The intended use of Favourite Icons, was to store an Icon in your Favourites Folder. Once you have stored it (bookmarked it), the Icon was to appear next to your favourites as well as in the Address Bar. This was the only time it would show, but someone, I'm not sure who, thought why not show it anyways, without needing to bookmark it.

I'm not sure whether IE5 on Mac did implement the Favourite Icon or not. Maybe you'd like to give Safari Web Browser a go? I know it supports it.

IE is strange, they came up with the favicon, but for some reason, their support for it seems broken now.

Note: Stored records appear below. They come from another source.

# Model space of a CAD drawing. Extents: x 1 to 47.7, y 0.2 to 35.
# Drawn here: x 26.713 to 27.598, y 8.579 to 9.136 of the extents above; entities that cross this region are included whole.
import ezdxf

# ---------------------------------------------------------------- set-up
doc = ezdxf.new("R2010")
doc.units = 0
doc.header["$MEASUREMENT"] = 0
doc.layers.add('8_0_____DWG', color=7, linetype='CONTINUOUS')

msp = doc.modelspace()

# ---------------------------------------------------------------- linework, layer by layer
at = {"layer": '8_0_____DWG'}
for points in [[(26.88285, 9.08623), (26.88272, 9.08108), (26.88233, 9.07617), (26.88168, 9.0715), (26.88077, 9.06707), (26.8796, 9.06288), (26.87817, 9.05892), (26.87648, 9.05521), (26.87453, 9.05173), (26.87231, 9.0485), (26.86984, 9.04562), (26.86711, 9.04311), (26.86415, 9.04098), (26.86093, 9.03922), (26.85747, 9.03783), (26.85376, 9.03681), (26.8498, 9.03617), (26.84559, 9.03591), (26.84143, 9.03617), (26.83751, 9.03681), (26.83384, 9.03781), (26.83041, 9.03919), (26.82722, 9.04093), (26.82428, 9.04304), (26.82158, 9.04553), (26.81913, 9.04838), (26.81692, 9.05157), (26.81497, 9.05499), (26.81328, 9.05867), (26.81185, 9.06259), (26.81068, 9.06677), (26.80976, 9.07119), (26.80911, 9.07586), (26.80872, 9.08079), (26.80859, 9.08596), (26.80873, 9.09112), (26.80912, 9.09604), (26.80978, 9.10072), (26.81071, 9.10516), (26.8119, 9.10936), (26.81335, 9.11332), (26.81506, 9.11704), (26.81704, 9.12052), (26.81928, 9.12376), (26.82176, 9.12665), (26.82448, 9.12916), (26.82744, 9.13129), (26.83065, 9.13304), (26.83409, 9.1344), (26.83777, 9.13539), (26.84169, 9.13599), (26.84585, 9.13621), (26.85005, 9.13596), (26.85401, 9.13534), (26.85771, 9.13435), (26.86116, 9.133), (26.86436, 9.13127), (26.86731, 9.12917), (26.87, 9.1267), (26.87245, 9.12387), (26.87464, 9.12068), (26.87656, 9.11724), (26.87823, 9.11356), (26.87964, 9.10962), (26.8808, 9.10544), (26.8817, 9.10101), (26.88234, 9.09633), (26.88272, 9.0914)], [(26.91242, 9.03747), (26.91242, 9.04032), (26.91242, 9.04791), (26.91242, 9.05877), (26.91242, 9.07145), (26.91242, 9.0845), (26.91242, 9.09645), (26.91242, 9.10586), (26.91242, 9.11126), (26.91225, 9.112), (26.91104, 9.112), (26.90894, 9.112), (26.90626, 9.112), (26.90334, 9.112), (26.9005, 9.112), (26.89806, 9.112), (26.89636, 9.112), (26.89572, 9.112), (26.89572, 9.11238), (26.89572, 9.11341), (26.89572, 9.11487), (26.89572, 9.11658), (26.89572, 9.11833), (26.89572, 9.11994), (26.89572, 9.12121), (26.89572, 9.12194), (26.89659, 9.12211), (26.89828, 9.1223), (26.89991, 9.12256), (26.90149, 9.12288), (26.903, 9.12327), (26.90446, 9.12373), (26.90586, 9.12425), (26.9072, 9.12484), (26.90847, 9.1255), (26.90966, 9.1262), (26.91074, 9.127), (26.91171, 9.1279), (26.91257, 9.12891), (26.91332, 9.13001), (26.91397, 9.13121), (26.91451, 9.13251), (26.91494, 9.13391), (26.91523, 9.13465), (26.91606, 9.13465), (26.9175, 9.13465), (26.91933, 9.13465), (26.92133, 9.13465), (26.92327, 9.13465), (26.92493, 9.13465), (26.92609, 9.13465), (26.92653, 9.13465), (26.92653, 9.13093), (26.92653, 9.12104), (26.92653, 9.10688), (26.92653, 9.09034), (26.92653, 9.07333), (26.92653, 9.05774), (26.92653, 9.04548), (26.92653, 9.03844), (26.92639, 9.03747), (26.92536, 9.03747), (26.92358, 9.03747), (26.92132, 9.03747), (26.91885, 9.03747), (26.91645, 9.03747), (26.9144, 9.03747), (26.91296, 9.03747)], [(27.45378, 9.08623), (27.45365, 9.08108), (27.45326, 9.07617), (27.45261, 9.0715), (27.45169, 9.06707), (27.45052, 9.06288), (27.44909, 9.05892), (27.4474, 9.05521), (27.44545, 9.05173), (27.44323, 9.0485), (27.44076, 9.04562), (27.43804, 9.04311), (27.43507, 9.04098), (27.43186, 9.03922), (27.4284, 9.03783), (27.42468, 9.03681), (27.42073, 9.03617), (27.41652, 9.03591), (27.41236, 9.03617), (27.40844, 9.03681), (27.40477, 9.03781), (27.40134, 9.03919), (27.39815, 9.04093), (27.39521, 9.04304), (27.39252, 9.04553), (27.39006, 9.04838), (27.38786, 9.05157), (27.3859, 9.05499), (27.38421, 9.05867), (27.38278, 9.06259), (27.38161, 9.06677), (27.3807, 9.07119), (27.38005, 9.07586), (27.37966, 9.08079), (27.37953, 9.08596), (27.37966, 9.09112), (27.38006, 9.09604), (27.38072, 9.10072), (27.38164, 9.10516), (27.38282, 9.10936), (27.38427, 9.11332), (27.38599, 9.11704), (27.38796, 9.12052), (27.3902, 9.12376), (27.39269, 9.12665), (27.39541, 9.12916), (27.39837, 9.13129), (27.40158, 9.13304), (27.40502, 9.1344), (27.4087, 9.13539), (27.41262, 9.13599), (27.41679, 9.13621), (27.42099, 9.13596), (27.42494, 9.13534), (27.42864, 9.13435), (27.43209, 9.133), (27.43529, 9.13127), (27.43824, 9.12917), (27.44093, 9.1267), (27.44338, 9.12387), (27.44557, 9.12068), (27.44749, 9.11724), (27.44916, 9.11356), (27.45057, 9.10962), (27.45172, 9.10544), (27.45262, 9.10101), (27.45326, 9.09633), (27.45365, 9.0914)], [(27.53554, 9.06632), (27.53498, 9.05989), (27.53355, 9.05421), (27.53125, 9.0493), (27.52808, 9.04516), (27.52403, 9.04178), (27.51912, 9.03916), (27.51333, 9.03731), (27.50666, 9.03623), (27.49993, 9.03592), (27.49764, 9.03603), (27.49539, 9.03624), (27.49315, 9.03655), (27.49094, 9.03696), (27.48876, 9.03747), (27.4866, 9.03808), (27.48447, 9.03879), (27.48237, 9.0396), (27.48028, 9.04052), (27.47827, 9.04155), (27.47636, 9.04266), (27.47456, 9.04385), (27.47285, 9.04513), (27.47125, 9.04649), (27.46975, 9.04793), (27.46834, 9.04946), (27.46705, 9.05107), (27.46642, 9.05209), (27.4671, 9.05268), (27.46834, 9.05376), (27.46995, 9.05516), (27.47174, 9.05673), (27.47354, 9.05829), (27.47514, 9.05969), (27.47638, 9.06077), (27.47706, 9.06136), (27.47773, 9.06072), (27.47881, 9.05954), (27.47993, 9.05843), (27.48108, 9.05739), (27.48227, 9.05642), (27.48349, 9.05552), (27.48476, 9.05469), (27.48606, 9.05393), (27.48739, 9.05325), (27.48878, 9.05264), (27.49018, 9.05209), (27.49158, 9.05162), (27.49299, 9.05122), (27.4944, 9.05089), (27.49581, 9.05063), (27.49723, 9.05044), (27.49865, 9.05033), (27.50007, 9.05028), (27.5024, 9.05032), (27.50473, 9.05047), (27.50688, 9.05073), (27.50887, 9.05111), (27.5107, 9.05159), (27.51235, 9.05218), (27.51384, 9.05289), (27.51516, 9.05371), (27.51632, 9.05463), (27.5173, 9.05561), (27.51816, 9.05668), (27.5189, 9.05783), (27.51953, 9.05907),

I think it's safe to say png format is supported by most modern browsers, what you can do is have two images as favicon, and it comes down to what the browser picks to display, you could test which one it picks by making the png format one a different picture to the ico format one and seeing which one it chooses.

<link rel="icon" href="image/favicon.png" type="image/png" /><link rel="shortcut icon" href="favicon.ico" type="image/x-icon" />

You can add as many <link rel="icon"... as you like with different image types, or image names, etc.

The size still remains 16 x 16, using a larger size, will most likely be reduced, or in the odd occassion, not displayed at all.